» **ABOUT THIS EXERCISE**: Which lines run from the one containing "#260=ADVANCED_FACE('F136',(#256,#259),#253,.F.);" to the end of the listing? Copy them out exactly, leaving out the rest.

____________________

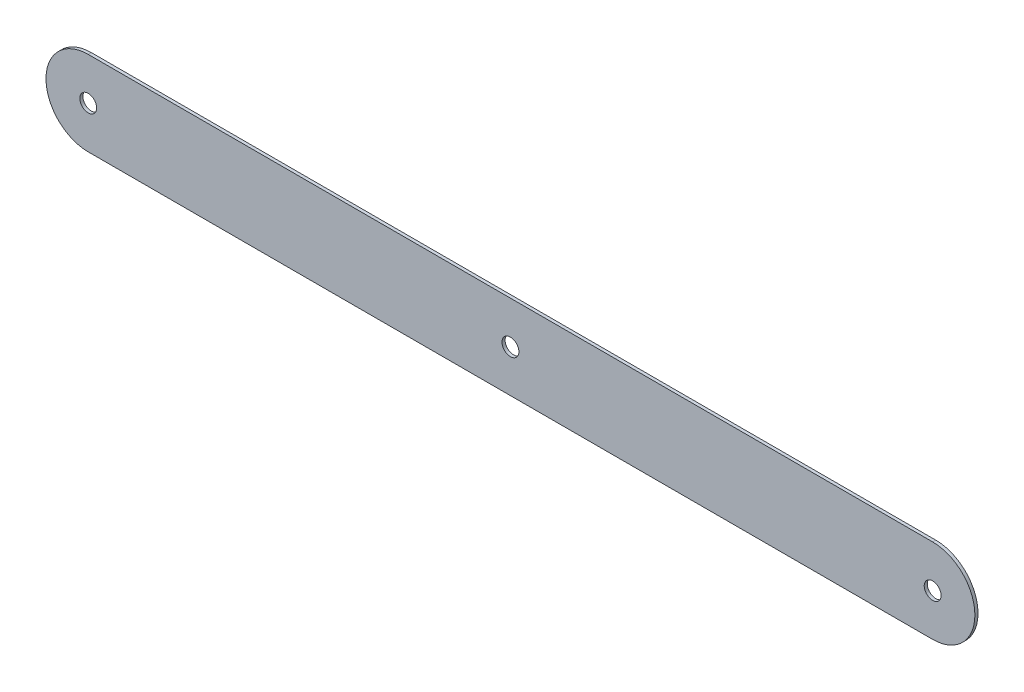
ISO-10303-21;
HEADER;
FILE_DESCRIPTION(('STEP AP214'),'2;1');
FILE_NAME('part.step','',(''),(''),'','','');
FILE_SCHEMA(('AUTOMOTIVE_DESIGN { 1 0 10303 214 1 1 1 1 }'));
ENDSEC;
DATA;
#1=APPLICATION_CONTEXT('core data for automotive mechanical design processes');
#2=APPLICATION_PROTOCOL_DEFINITION('international standard','automotive_design',2000,#1);
#3=PRODUCT_CONTEXT('',#1,'mechanical');
#4=PRODUCT('Part','Part','',(#3));
#5=PRODUCT_RELATED_PRODUCT_CATEGORY('part','',(#4));
#6=PRODUCT_DEFINITION_FORMATION('','',#4);
#7=PRODUCT_DEFINITION_CONTEXT('part definition',#1,'design');
#8=PRODUCT_DEFINITION('design','',#6,#7);
#9=PRODUCT_DEFINITION_SHAPE('','',#8);
#10=(LENGTH_UNIT() NAMED_UNIT(*) SI_UNIT(.MILLI.,.METRE.));
#11=(NAMED_UNIT(*) PLANE_ANGLE_UNIT() SI_UNIT($,.RADIAN.));
#12=(NAMED_UNIT(*) SI_UNIT($,.STERADIAN.) SOLID_ANGLE_UNIT());
#13=UNCERTAINTY_MEASURE_WITH_UNIT(LENGTH_MEASURE(1.E-05),#10,'distance_accuracy_value','');
#14=(GEOMETRIC_REPRESENTATION_CONTEXT(3) GLOBAL_UNCERTAINTY_ASSIGNED_CONTEXT((#13)) GLOBAL_UNIT_ASSIGNED_CONTEXT((#10,
#11,#12)) REPRESENTATION_CONTEXT('',''));
#15=CARTESIAN_POINT('',(0.,0.,0.));
#16=DIRECTION('',(0.,0.,1.));
#17=DIRECTION('',(1.,0.,0.));
#18=AXIS2_PLACEMENT_3D('',#15,#16,#17);
#19=CARTESIAN_POINT('',(-28.3444816053512,0.,-0.7366));
#20=DIRECTION('',(0.,0.,1.));
#21=DIRECTION('',(1.,0.,0.));
#22=AXIS2_PLACEMENT_3D('',#19,#20,#21);
#23=CYLINDRICAL_SURFACE('',#22,10.);
#24=CARTESIAN_POINT('',(-28.3444816053512,0.,0.));
#25=DIRECTION('',(0.,0.,1.));
#26=DIRECTION('',(1.,0.,0.));
#27=AXIS2_PLACEMENT_3D('',#24,#25,#26);
#28=CIRCLE('',#27,10.);
#29=CARTESIAN_POINT('',(-28.3444816053512,10.,0.));
#30=VERTEX_POINT('',#29);
#31=CARTESIAN_POINT('',(-28.3444816053512,-10.,0.));
#32=VERTEX_POINT('',#31);
#33=EDGE_CURVE('E100',#30,#32,#28,.T.);
#34=ORIENTED_EDGE('',*,*,#33,.F.);
#35=DIRECTION('',(0.,0.,1.));
#36=VECTOR('',#35,1.);
#37=CARTESIAN_POINT('',(-28.3444816053512,10.,-0.7366));
#38=LINE('',#37,#36);
#39=CARTESIAN_POINT('',(-28.3444816053512,10.,-0.7366));
#40=VERTEX_POINT('',#39);
#41=EDGE_CURVE('E11',#40,#30,#38,.T.);
#42=ORIENTED_EDGE('',*,*,#41,.F.);
#43=CARTESIAN_POINT('',(-28.3444816053512,0.,-0.7366));
#44=DIRECTION('',(0.,0.,1.));
#45=DIRECTION('',(1.,0.,0.));
#46=AXIS2_PLACEMENT_3D('',#43,#44,#45);
#47=CIRCLE('',#46,10.);
#48=CARTESIAN_POINT('',(-28.3444816053512,-10.,-0.7366));
#49=VERTEX_POINT('',#48);
#50=EDGE_CURVE('E93',#40,#49,#47,.T.);
#51=ORIENTED_EDGE('',*,*,#50,.T.);
#52=DIRECTION('',(0.,0.,1.));
#53=VECTOR('',#52,1.);
#54=CARTESIAN_POINT('',(-28.3444816053512,-10.,-0.7366));
#55=LINE('',#54,#53);
#56=EDGE_CURVE('E38',#49,#32,#55,.T.);
#57=ORIENTED_EDGE('',*,*,#56,.T.);
#58=EDGE_LOOP('',(#34,#42,#51,#57));
#59=FACE_BOUND('',#58,.T.);
#60=ADVANCED_FACE('F35',(#59),#23,.T.);
#61=CARTESIAN_POINT('',(-28.3444816053512,10.,-0.7366));
#62=DIRECTION('',(0.,1.,0.));
#63=DIRECTION('',(0.,0.,1.));
#64=AXIS2_PLACEMENT_3D('',#61,#62,#63);
#65=PLANE('',#64);
#66=DIRECTION('',(-1.,0.,0.));
#67=VECTOR('',#66,1.);
#68=CARTESIAN_POINT('',(-28.3444816053512,10.,0.));
#69=LINE('',#68,#67);
#70=CARTESIAN_POINT('',(171.655518394649,10.,0.));
#71=VERTEX_POINT('',#70);
#72=EDGE_CURVE('E95',#71,#30,#69,.T.);
#73=ORIENTED_EDGE('',*,*,#72,.F.);
#74=DIRECTION('',(0.,0.,1.));
#75=VECTOR('',#74,1.);
#76=CARTESIAN_POINT('',(171.655518394649,10.,-0.7366));
#77=LINE('',#76,#75);
#78=CARTESIAN_POINT('',(171.655518394649,10.,-0.7366));
#79=VERTEX_POINT('',#78);
#80=EDGE_CURVE('E44',#79,#71,#77,.T.);
#81=ORIENTED_EDGE('',*,*,#80,.F.);
#82=DIRECTION('',(-1.,0.,0.));
#83=VECTOR('',#82,1.);
#84=CARTESIAN_POINT('',(-28.3444816053512,10.,-0.7366));
#85=LINE('',#84,#83);
#86=EDGE_CURVE('E90',#79,#40,#85,.T.);
#87=ORIENTED_EDGE('',*,*,#86,.T.);
#88=ORIENTED_EDGE('',*,*,#41,.T.);
#89=EDGE_LOOP('',(#73,#81,#87,#88));
#90=FACE_BOUND('',#89,.T.);
#91=ADVANCED_FACE('F111',(#90),#65,.T.);
#92=CARTESIAN_POINT('',(171.655518394649,0.,-0.7366));
#93=DIRECTION('',(0.,0.,1.));
#94=DIRECTION('',(1.,0.,0.));
#95=AXIS2_PLACEMENT_3D('',#92,#93,#94);
#96=CYLINDRICAL_SURFACE('',#95,10.);
#97=CARTESIAN_POINT('',(171.655518394649,0.,0.));
#98=DIRECTION('',(0.,0.,1.));
#99=DIRECTION('',(1.,0.,0.));
#100=AXIS2_PLACEMENT_3D('',#97,#98,#99);
#101=CIRCLE('',#100,10.);
#102=CARTESIAN_POINT('',(171.655518394649,-10.,0.));
#103=VERTEX_POINT('',#102);
#104=EDGE_CURVE('E85',#103,#71,#101,.T.);
#105=ORIENTED_EDGE('',*,*,#104,.F.);
#106=DIRECTION('',(0.,0.,1.));
#107=VECTOR('',#106,1.);
#108=CARTESIAN_POINT('',(171.655518394649,-10.,-0.7366));
#109=LINE('',#108,#107);
#110=CARTESIAN_POINT('',(171.655518394649,-10.,-0.7366));
#111=VERTEX_POINT('',#110);
#112=EDGE_CURVE('E80',#111,#103,#109,.T.);
#113=ORIENTED_EDGE('',*,*,#112,.F.);
#114=CARTESIAN_POINT('',(171.655518394649,0.,-0.7366));
#115=DIRECTION('',(0.,0.,1.));
#116=DIRECTION('',(1.,0.,0.));
#117=AXIS2_PLACEMENT_3D('',#114,#115,#116);
#118=CIRCLE('',#117,10.);
#119=EDGE_CURVE('E83',#111,#79,#118,.T.);
#120=ORIENTED_EDGE('',*,*,#119,.T.);
#121=ORIENTED_EDGE('',*,*,#80,.T.);
#122=EDGE_LOOP('',(#105,#113,#120,#121));
#123=FACE_BOUND('',#122,.T.);
#124=ADVANCED_FACE('F82',(#123),#96,.T.);
#125=CARTESIAN_POINT('',(-28.3444816053512,-10.,-0.7366));
#126=DIRECTION('',(0.,-1.,0.));
#127=DIRECTION('',(0.,0.,-1.));
#128=AXIS2_PLACEMENT_3D('',#125,#126,#127);
#129=PLANE('',#128);
#130=DIRECTION('',(1.,0.,0.));
#131=VECTOR('',#130,1.);
#132=CARTESIAN_POINT('',(-28.3444816053512,-10.,0.));
#133=LINE('',#132,#131);
#134=EDGE_CURVE('E103',#32,#103,#133,.T.);
#135=ORIENTED_EDGE('',*,*,#134,.F.);
#136=ORIENTED_EDGE('',*,*,#56,.F.);
#137=DIRECTION('',(1.,0.,0.));
#138=VECTOR('',#137,1.);
#139=CARTESIAN_POINT('',(-28.3444816053512,-10.,-0.7366));
#140=LINE('',#139,#138);
#141=EDGE_CURVE('E89',#49,#111,#140,.T.);
#142=ORIENTED_EDGE('',*,*,#141,.T.);
#143=ORIENTED_EDGE('',*,*,#112,.T.);
#144=EDGE_LOOP('',(#135,#136,#142,#143));
#145=FACE_BOUND('',#144,.T.);
#146=ADVANCED_FACE('F92',(#145),#129,.T.);
#147=CARTESIAN_POINT('',(-28.3444816053512,0.,-0.7366));
#148=DIRECTION('',(0.,0.,1.));
#149=DIRECTION('',(1.,0.,0.));
#150=AXIS2_PLACEMENT_3D('',#147,#148,#149);
#151=PLANE('',#150);
#152=CARTESIAN_POINT('',(71.6555183946488,0.,-0.7366));
#153=DIRECTION('',(0.,0.,1.));
#154=DIRECTION('',(1.,0.,0.));
#155=AXIS2_PLACEMENT_3D('',#152,#153,#154);
#156=CIRCLE('',#155,2.);
#157=CARTESIAN_POINT('',(73.6555183946489,0.,-0.7366));
#158=VERTEX_POINT('',#157);
#159=EDGE_CURVE('E148',#158,#158,#156,.T.);
#160=ORIENTED_EDGE('',*,*,#159,.T.);
#161=EDGE_LOOP('',(#160));
#162=FACE_BOUND('',#161,.T.);
#163=CARTESIAN_POINT('',(171.655518394649,0.,-0.7366));
#164=DIRECTION('',(0.,0.,1.));
#165=DIRECTION('',(1.,0.,0.));
#166=AXIS2_PLACEMENT_3D('',#163,#164,#165);
#167=CIRCLE('',#166,2.);
#168=CARTESIAN_POINT('',(173.655518394649,0.,-0.7366));
#169=VERTEX_POINT('',#168);
#170=EDGE_CURVE('E156',#169,#169,#167,.T.);
#171=ORIENTED_EDGE('',*,*,#170,.T.);
#172=EDGE_LOOP('',(#171));
#173=FACE_BOUND('',#172,.T.);
#174=CARTESIAN_POINT('',(-28.3444816053512,0.,-0.7366));
#175=DIRECTION('',(0.,0.,1.));
#176=DIRECTION('',(1.,0.,0.));
#177=AXIS2_PLACEMENT_3D('',#174,#175,#176);
#178=CIRCLE('',#177,2.);
#179=CARTESIAN_POINT('',(-26.3444816053512,0.,-0.7366));
#180=VERTEX_POINT('',#179);
#181=EDGE_CURVE('E104',#180,#180,#178,.T.);
#182=ORIENTED_EDGE('',*,*,#181,.T.);
#183=EDGE_LOOP('',(#182));
#184=FACE_BOUND('',#183,.T.);
#185=ORIENTED_EDGE('',*,*,#50,.F.);
#186=ORIENTED_EDGE('',*,*,#86,.F.);
#187=ORIENTED_EDGE('',*,*,#119,.F.);
#188=ORIENTED_EDGE('',*,*,#141,.F.);
#189=EDGE_LOOP('',(#185,#186,#187,#188));
#190=FACE_BOUND('',#189,.T.);
#191=ADVANCED_FACE('F88',(#162,#173,#184,#190),#151,.F.);
#192=CARTESIAN_POINT('',(-28.3444816053512,0.,0.));
#193=DIRECTION('',(0.,0.,1.));
#194=DIRECTION('',(1.,0.,0.));
#195=AXIS2_PLACEMENT_3D('',#192,#193,#194);
#196=PLANE('',#195);
#197=CARTESIAN_POINT('',(71.6555183946488,0.,0.));
#198=DIRECTION('',(0.,0.,1.));
#199=DIRECTION('',(1.,0.,0.));
#200=AXIS2_PLACEMENT_3D('',#197,#198,#199);
#201=CIRCLE('',#200,2.);
#202=CARTESIAN_POINT('',(73.6555183946489,0.,0.));
#203=VERTEX_POINT('',#202);
#204=EDGE_CURVE('E151',#203,#203,#201,.T.);
#205=ORIENTED_EDGE('',*,*,#204,.F.);
#206=EDGE_LOOP('',(#205));
#207=FACE_BOUND('',#206,.T.);
#208=CARTESIAN_POINT('',(171.655518394649,0.,0.));
#209=DIRECTION('',(0.,0.,1.));
#210=DIRECTION('',(1.,0.,0.));
#211=AXIS2_PLACEMENT_3D('',#208,#209,#210);
#212=CIRCLE('',#211,2.);
#213=CARTESIAN_POINT('',(173.655518394649,0.,0.));
#214=VERTEX_POINT('',#213);
#215=EDGE_CURVE('E153',#214,#214,#212,.T.);
#216=ORIENTED_EDGE('',*,*,#215,.F.);
#217=EDGE_LOOP('',(#216));
#218=FACE_BOUND('',#217,.T.);
#219=CARTESIAN_POINT('',(-28.3444816053512,0.,0.));
#220=DIRECTION('',(0.,0.,1.));
#221=DIRECTION('',(1.,0.,0.));
#222=AXIS2_PLACEMENT_3D('',#219,#220,#221);
#223=CIRCLE('',#222,2.);
#224=CARTESIAN_POINT('',(-26.3444816053512,0.,0.));
#225=VERTEX_POINT('',#224);
#226=EDGE_CURVE('E159',#225,#225,#223,.T.);
#227=ORIENTED_EDGE('',*,*,#226,.F.);
#228=EDGE_LOOP('',(#227));
#229=FACE_BOUND('',#228,.T.);
#230=ORIENTED_EDGE('',*,*,#33,.T.);
#231=ORIENTED_EDGE('',*,*,#134,.T.);
#232=ORIENTED_EDGE('',*,*,#104,.T.);
#233=ORIENTED_EDGE('',*,*,#72,.T.);
#234=EDGE_LOOP('',(#230,#231,#232,#233));
#235=FACE_BOUND('',#234,.T.);
#236=ADVANCED_FACE('F110',(#207,#218,#229,#235),#196,.T.);
#237=CARTESIAN_POINT('',(-28.3444816053512,0.,-0.7366));
#238=DIRECTION('',(0.,0.,1.));
#239=DIRECTION('',(1.,0.,0.));
#240=AXIS2_PLACEMENT_3D('',#237,#238,#239);
#241=CYLINDRICAL_SURFACE('',#240,2.);
#242=ORIENTED_EDGE('',*,*,#181,.F.);
#243=EDGE_LOOP('',(#242));
#244=FACE_BOUND('',#243,.T.);
#245=ORIENTED_EDGE('',*,*,#226,.T.);
#246=EDGE_LOOP('',(#245));
#247=FACE_BOUND('',#246,.T.);
#248=ADVANCED_FACE('F129',(#244,#247),#241,.F.);
#249=CARTESIAN_POINT('',(171.655518394649,0.,-0.7366));
#250=DIRECTION('',(0.,0.,1.));
#251=DIRECTION('',(1.,0.,0.));
#252=AXIS2_PLACEMENT_3D('',#249,#250,#251);
#253=CYLINDRICAL_SURFACE('',#252,2.);
#254=ORIENTED_EDGE('',*,*,#170,.F.);
#255=EDGE_LOOP('',(#254));
#256=FACE_BOUND('',#255,.T.);
#257=ORIENTED_EDGE('',*,*,#215,.T.);
#258=EDGE_LOOP('',(#257));
#259=FACE_BOUND('',#258,.T.);
#260=ADVANCED_FACE('F136',(#256,#259),#253,.F.);
#261=CARTESIAN_POINT('',(71.6555183946488,0.,-0.7366));
#262=DIRECTION('',(0.,0.,1.));
#263=DIRECTION('',(1.,0.,0.));
#264=AXIS2_PLACEMENT_3D('',#261,#262,#263);
#265=CYLINDRICAL_SURFACE('',#264,2.);
#266=ORIENTED_EDGE('',*,*,#159,.F.);
#267=EDGE_LOOP('',(#266));
#268=FACE_BOUND('',#267,.T.);
#269=ORIENTED_EDGE('',*,*,#204,.T.);
#270=EDGE_LOOP('',(#269));
#271=FACE_BOUND('',#270,.T.);
#272=ADVANCED_FACE('F140',(#268,#271),#265,.F.);
#273=CLOSED_SHELL('',(#60,#91,#124,#146,#191,#236,#248,#260,#272));
#274=MANIFOLD_SOLID_BREP('B2',#273);
#275=ADVANCED_BREP_SHAPE_REPRESENTATION('',(#18,#274),#14);
#276=SHAPE_DEFINITION_REPRESENTATION(#9,#275);
ENDSEC;
END-ISO-10303-21;

____________________

» **RESULT**:
#260=ADVANCED_FACE('F136',(#256,#259),#253,.F.);
#261=CARTESIAN_POINT('',(71.6555183946488,0.,-0.7366));
#262=DIRECTION('',(0.,0.,1.));
#263=DIRECTION('',(1.,0.,0.));
#264=AXIS2_PLACEMENT_3D('',#261,#262,#263);
#265=CYLINDRICAL_SURFACE('',#264,2.);
#266=ORIENTED_EDGE('',*,*,#159,.F.);
#267=EDGE_LOOP('',(#266));
#268=FACE_BOUND('',#267,.T.);
#269=ORIENTED_EDGE('',*,*,#204,.T.);
#270=EDGE_LOOP('',(#269));
#271=FACE_BOUND('',#270,.T.);
#272=ADVANCED_FACE('F140',(#268,#271),#265,.F.);
#273=CLOSED_SHELL('',(#60,#91,#124,#146,#191,#236,#248,#260,#272));
#274=MANIFOLD_SOLID_BREP('B2',#273);
#275=ADVANCED_BREP_SHAPE_REPRESENTATION('',(#18,#274),#14);
#276=SHAPE_DEFINITION_REPRESENTATION(#9,#275);
ENDSEC;
END-ISO-10303-21;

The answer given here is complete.